506: STRATEGIC FINANCIAL MANAGEMENT

Chapter 1. Introduction to Strategy and Financial Management (10%)

Introduction:

Strategic decisions made at the corporate level and that have long term implications on
shareholder value include those related to investment opportunities, corporate
restructuring, dividend policy, and capital structure.

With respect to investment opportunities, it is important to recognize that shareholder


value is 'created' where the return achieved on the project exceeds the required rate of
return given the risks inherent in the project. In addition to traditional discounted cash flow
analysis, and the calculation of net present value, the analysis of investment opportunities
often is aided by measures such as the profitability index (the ratio of net present value to
initial investment) and discounted payback period.

Companies frequently seek to restructure their operations in an attempt to enhance


shareholder value. The restructuring decision should flow from a corporation's strategy, and
should be based on the profitability of a particular business segment, as well as the assets
and financial resources required in order to generate that level of profit. In addition to
examining each business segment on a stand-alone basis, the implications of changes to
other segments of the organization also should be considered.
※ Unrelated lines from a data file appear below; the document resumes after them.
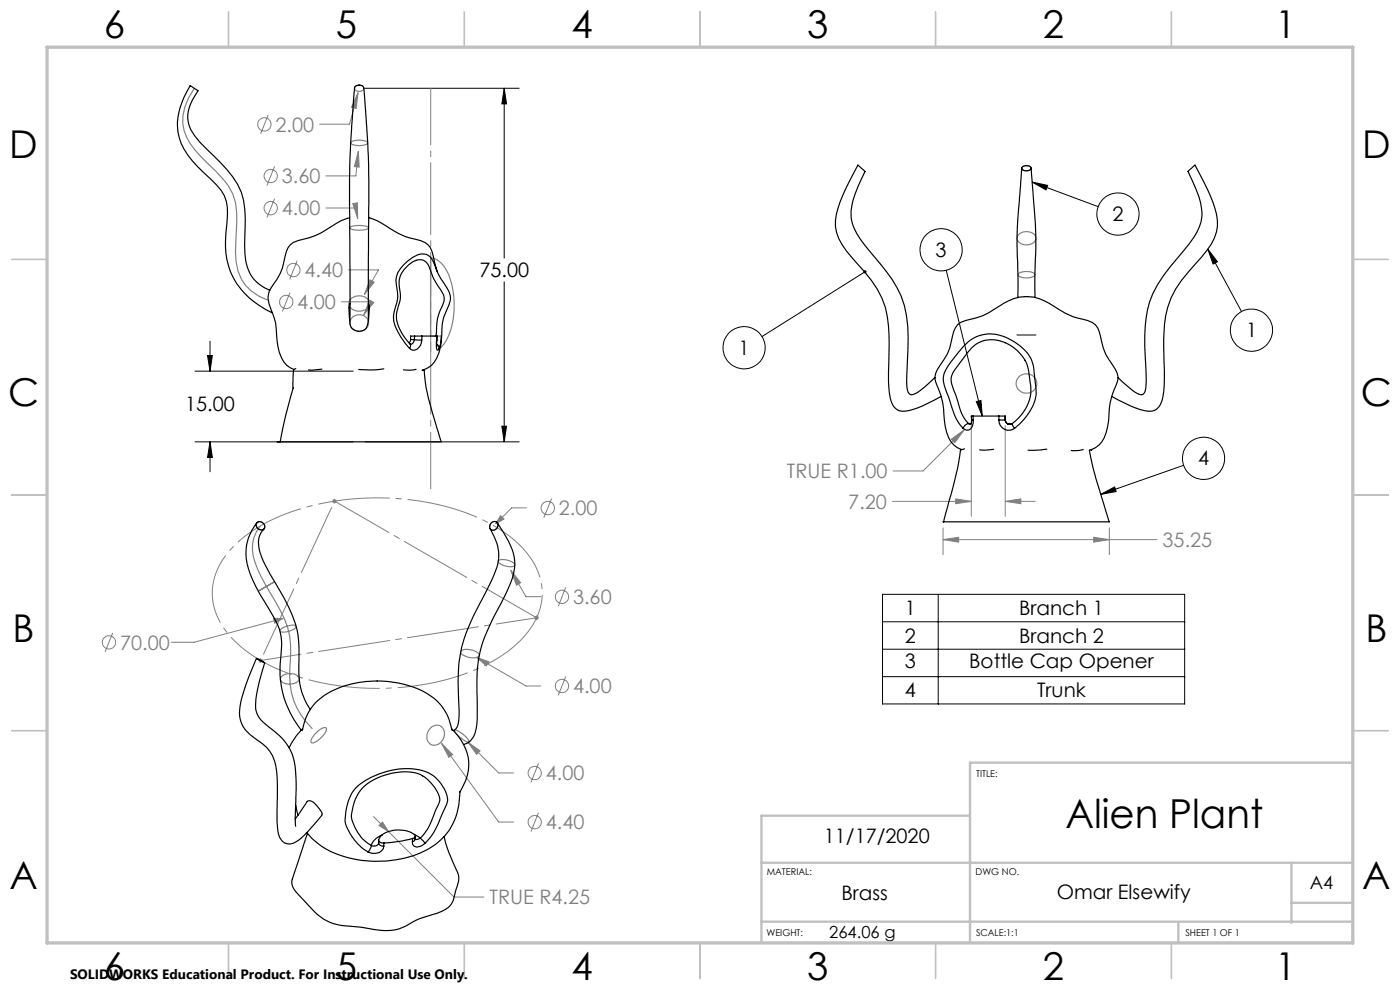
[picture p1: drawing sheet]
<svg xmlns="http://www.w3.org/2000/svg" width="297mm" height="210mm" viewBox="0 0 297 210" stroke-linecap="round" stroke-linejoin="round" font-family="sans-serif">
<g fill="none" stroke="#808080" stroke-width=".21">
<path d="M76 19.7l-.4 3.3-1-.3zM76 19.7l-1.8 6.6h-6.4M56.9 24.4l-1.6 4M58.2 35.3l-1.6 4.1M76 32.1l.2 3.3-1-.1zM76 32.1l-.5 5.2h-6.4M58.2 42.1l-1.6 4.1M63 55.3l-1.5 4M69.1 44.1h6.4l.4 2.2M73.9 57.2h6.4l-3 5.3M74.8 43.2l1-.2 .1 3.3zM78.5 59.4l.9 .5-2.1 2.6z"/>
<path d="M61.5 62l-1.6 4.1M72.4 64h6.4l-1.6 2.8M78.4 63.7l.9 .5-2.1 2.6zM201.8 93.2l2.7-2-1.9 2.7zM204.5 91.2l-8.7 8.7h-6.3M206.1 89.5v20M213.3 90.3v19.2M70.4 106.3h1M70.6 106l.7 .7M70.9 105.8v1M71.3 106l-.7 .7M106.2 109.4l.7 .7-1.7 1z"/>
<path d="M111.7 107.7h-3.2l-3.3 3.4M117 105.8l-1.6 4M189.3 106.4h16.8M200.1 114.5l3.3-.5v1zM200.1 112v5.6M200.1 114.5h45.4M202.7 105.8l3.4 .6-3.4 .4zM213.3 106.4l3.3-.6v1zM213.3 106.4h6.3M232 114l3.3 .5-3.3 .5zM235.3 112v5.6M23.9 134.3l-1.6 4"/>
<path d="M54.9 139.8l.7 .7M55.3 139.6v1M55.6 139.8l-.7 .7M58 131.2h2l-1.7 1zM60 131.2l-18.8 5h-4.9M101.1 139.4l2.6 1-.5 .8zM101.1 139.4l10.5 6.1h3.1M108.4 121l2.1 2.6-.9 .5zM108.4 121l3.2 5.6h3.1M113.3 131h1M113.5 130.7l.7 .7M113.8 130.6v1"/>
<path d="M114.2 130.7l-.7 .7M120 124.6l-1.6 4M54.8 140.1h1M93.7 157.7l2.3 2.3-.8 .6zM93.7 157.7l12.1 16.7h3.1M99.3 157.4l2.5 1.9-.7 .7zM99.3 157.4l6.5 6.6h3.1M120 143.5l-1.6 4M79.2 173.2l17.1 17.1h6.4M80.4 175.1l.7-.7 1.3 2zM114.2 162l-1.6 4M114.2 172.4l-1.6 4"/>
<circle cx="56.1" cy="26.4" r="1.41"/>
<circle cx="57.4" cy="37.3" r="1.41"/>
<circle cx="57.4" cy="44.2" r="1.41"/>
<circle cx="62.2" cy="57.3" r="1.41"/>
<circle cx="60.7" cy="64" r="1.41"/>
<circle cx="116.2" cy="107.8" r="1.41"/>
<circle cx="23.1" cy="136.3" r="1.41"/>
<circle cx="119.2" cy="126.6" r="1.41"/>
<circle cx="119.2" cy="145.5" r="1.41"/>
<circle cx="113.4" cy="174.4" r="1.42"/>
<circle cx="113.5" cy="164" r="1.41"/>
</g>
<g fill="none" stroke="#000" stroke-width=".21">
<path d="M77.5 18.7h32.6M107 18.7l.5 3.3h-1zM107 18.7v36M219 38.6l14 5.2M219 38.6l3.2 .7-.3 1zM107 59.8v33.9M183.5 57.7l-21.9 13.7M200.7 57.3l7.7 31M256.2 52.8l7.2 13.3M256.2 52.8l2.1 2.7-.9 .5zM41.4 78.7h33.5M44 75.4h1l-.4 3.3z"/>
<path d="M44.6 72.4v6.3M41.4 93.7h33.5M44.6 93.7v6.4M44.6 93.7l.4 3.3h-1zM77.5 93.7h32.6M106.5 90.4h1l-.5 3.3zM207.1 85.2l1-.3 .3 3.4zM251.1 98.7l-17.6 6.2M233.5 104.9l3-1.6 .3 1zM187.2 126.1h64.1v23.2h-64.1zM187.2 131.9h64.1M187.2 137.7h64.1"/>
<path d="M199 126.1v23.2M187.2 143.5h64.1"/>
<circle cx="199.7" cy="53" r="4.5"/>
<circle cx="237.2" cy="45.4" r="4.5"/>
<circle cx="157.9" cy="73.8" r="4.5"/>
<circle cx="265.5" cy="70" r="4.5"/>
<circle cx="255.3" cy="97.2" r="4.5"/>
</g>
<g fill="none" stroke="#808080" stroke-width=".25">
<path d="M41.2 18.7a11 11 0 0 0-2.1 9 13.6 13.6 0 0 0 3.5 5.5 50.4 50.4 0 0 1 5.8 6.2 11.9 11.9 0 0 1 1.8 7.6l-.1 2.2a24.2 24.2 0 0 0 .4 8.3 9.2 9.2 0 0 0 6.3 6.2M75.5 18.3a1.07 1.07 0 0 1 1.7 .5 1.06 1.06 0 0 1-1.1 .6 1.06 1.06 0 0 1-.9-.8zM74.5 30.1a3.6 3.6 0 0 1 3.5 .1v.1a2.63 2.63 0 0 1-2.5 .5l-.9-.2a.25 .25 0 0 1-.2-.2 .25 .25 0 0 1 .1-.3zM216.9 35.5a1.19 1.19 0 0 1 1.9 .3 1.22 1.22 0 0 1-2.1-.1zM74.2 48.2a5.1 5.1 0 0 1 3.9 0l.1 .1a4.3 4.3 0 0 1-3.7 .3l-.3-.2zM91.3 54.7a4.5 4.5 0 0 1 3.7 3.1 17.4 17.4 0 0 1-.6 14.8l-.9 1.2v-2.5h-2.2zM216 49.8a2.36 2.36 0 0 1 3.7 .4 1.46 1.46 0 0 1-1.7 1.7 1.63 1.63 0 0 1-2.1-1.8zM216.1 58a3.5 3.5 0 0 1 3.4 .1 1.33 1.33 0 0 1-1.6 .8 1.66 1.66 0 0 1-1.9-.7zM74.4 63.4a2.52 2.52 0 0 1 4 .7 1.95 1.95 0 0 1-2.6 1.9 1.64 1.64 0 0 1-1.6-2.3zM74.7 67.4a1.95 1.95 0 0 1 2.4-.5 1.95 1.95 0 0 1 .9 2.3 2.03 2.03 0 0 1-2.3 1 2.03 2.03 0 0 1-1.5-2.1zM215.8 71l3.9 .1zM216.2 79.9a2.12 2.12 0 0 1 3.2 .1 2.12 2.12 0 0 1-.7 3.2 2.12 2.12 0 0 1-2.6-.6 2.12 2.12 0 0 1 .1-2.7z"/>
<path d="M54.6 110.8a.98 .98 0 0 1 1.3 .2 .98 .98 0 0 1-.1 1.4 1.04 1.04 0 0 1-1.2-.4 1.04 1.04 0 0 1 0-1.2zM55.3 111.5a7.5 7.5 0 0 0-1.2 7.8 40 40 0 0 0 4.4 8.4 19.7 19.7 0 0 1 3.1 8.9v3.4a17.4 17.4 0 0 0 2.2 11.6l2.5 3M104.1 111a.84 .84 0 0 1 1.4-.2 .84 .84 0 0 1-.2 1.4 .82 .82 0 0 1-1.3 0 .82 .82 0 0 1 .1-1.2zM105.7 118.9a3 3 0 0 1 3.5 .9 1.45 1.45 0 0 1-1.8 .3 1.54 1.54 0 0 1-1.7-1.2zM54.8 125.4l3.4-2zM59.5 133.5a3.9 3.9 0 0 1 3.3-.7 2.75 2.75 0 0 1-2.6 1.3l-.6-.1a.27 .27 0 0 1-.2-.2 .27 .27 0 0 1 .1-.3zM97.8 138.1a3.2 3.2 0 0 1 3.9 .8v.1a2.2 2.2 0 0 1-2.6 .3l-1.1-.5-.2-.3zM59.7 143.5a2.8 2.8 0 0 1 3.7 .2l.1 .1a1.7 1.7 0 0 1-2.1 1.3 1.6 1.6 0 0 1-1.9-1.1zM66.7 155.8a3.1 3.1 0 0 1 2.4-1.4h.1a3.7 3.7 0 0 1-2.2 2.9l-.1 .1a.52 .52 0 0 1-.9 .1 .52 .52 0 0 1 .1-.8zM91.2 154.6a1.76 1.76 0 0 1 2.3-.5 1.76 1.76 0 0 1 .7 2.3 1.95 1.95 0 0 1-3.2 1.2 2.35 2.35 0 0 1 .2-3zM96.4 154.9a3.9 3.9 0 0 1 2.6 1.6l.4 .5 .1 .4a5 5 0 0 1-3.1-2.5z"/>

Dividend policy normally is viewed as an extension of the capital structure decision.


Dividends represent a transfer of wealth from the company to the shareholder. In theory, a
company should pay dividends where its investment opportunities are not expected to
generate a rate of return that is at least as high as its cost of capital. However, the dividend
policy decision also is influenced by shareholder expectations, and management's
reluctance to cut dividends once established given the potential negative consequences.

Capital structure argues that managers actively seek to direct the firm's capital structure to
support the firm's overall long term strategic goals.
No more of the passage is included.